Dans sa communication, l’AIEA a mis en avant deux points repris par les médias :

  • une trop grande confiance dans la sûreté des installations nucléaires et un manque de préparation pour faire face à l’accident (il aurait été difficile de dire l’inverse…)
  • qu’il est peu probable qu’il y ait une augmentation du nombre de cancers de la thyroïde chez les enfants de Fukushima.

Reprise des travaux à Fukushima daï-ni

TEPCo avait suspendu les travaux dans ses deux centrales de Fukushima suite aux deux décès. Elle a effectué un stage sur la sécurité et mis des barrières autour des lieux à risque. Elle vient de reprendre très partiellement les travaux à Fukushima daï-ni. A daï-ichi, les inspections et mesures de protection ne sont pas terminées.

TEPCo a remis quelques photos « avant-après » en ligne.

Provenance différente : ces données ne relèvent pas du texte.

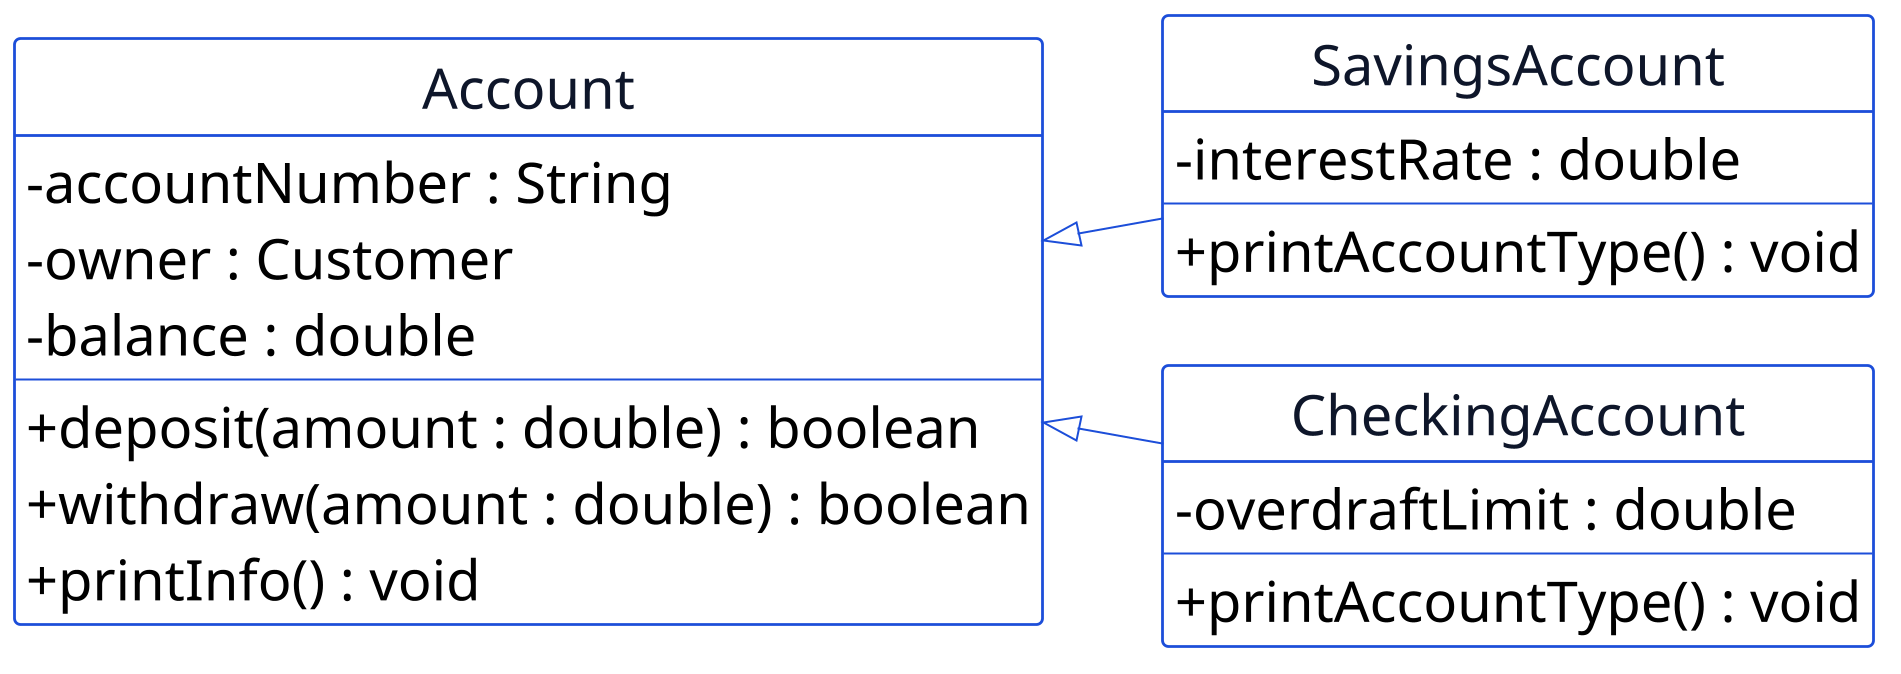

The diagram above was rendered by PlantUML. Its source (embedded in the PNG):
@startuml p06-account-hierarchy
scale 2
!include _common.iuml
hide circle
hide empty members
left to right direction

class Account {
  - accountNumber : String
  - owner : Customer
  - balance : double
  --
  + deposit(amount : double) : boolean
  + withdraw(amount : double) : boolean
  + printInfo() : void
}

class SavingsAccount {
  - interestRate : double
  --
  + printAccountType() : void
}

class CheckingAccount {
  - overdraftLimit : double
  --
  + printAccountType() : void
}

Account <|-- SavingsAccount
Account <|-- CheckingAccount
@enduml

Suspension des travaux de démantèlement

Suite aux deux décès qui viennent de survenir dans les centrales de Fukushima daï-ichi et daï-ni, TEPCo a suspendu les travaux de démantèlement, le temps de mener une inspection de sécurité. La compagnie n’est pas capable de proposer un calendrier. Bien entendu, le refroidissement des réacteurs et le traitement de l’eau n’est pas suspendu car c’est simplement impossible.

Rappelons qu’un homme a fait une chute mortelle de 10 m dans une cuve qu’il était en train d’inspecter. Il portait un harnais de sécurité, il ne s’était pas attaché. L’autre était en train d’inspecter la centrale de Fukushima daï-ni quand il a été heurté à la tête par un objet suspendu à une grue.

Tous les deux étaient sous-traitants.

Décès d’un deuxième travailleur

Un homme d’une quarantaine d’année est décédé des suites de ses blessures à la centrale de Fukushima daï-ni. Il a été heurté à la tête par une machine lors d’une inspection. Il est mort à l’hôpital après avoir été transporté par hélicoptère.

C’est le deuxième décès en deux jours.

Voir les explications de TEPCo en japonais et le communiqué en anglais.

Risque sismique et de tsunami à Fukushima

TEPCo s’est fixé comme critère que la secousse maximale possible au niveau de sa centrale de Fukushima daï-ichi est de 600 gals, et la vague de tsunami la plus haute, de 14 m. En mars 2011, ce fut 675 gals et 15,5 m. La NRA a demandé à TEPCo de revoir ces critères et TEPCo a proposé 900 gals et 26,3 m. La NRA donnera son avis plus tard, mais ne devrait pas demander de rehausser la digue qui ne fait que 14 m. Un nouveau tsunami entraînerait un fort rejet radioactif en mer, à cause des sous-sols inondés, qui pourrait atteindre une centaine de térabecquerels de césium 137. C’est 30% de ce qu’il y a dans les galeries souterraines. En revanche, TEPCo prétend que ses réacteurs accidentés peuvent supporter 900 gals.
C’est désormais 27,2 m pour Fukushima daï-ni.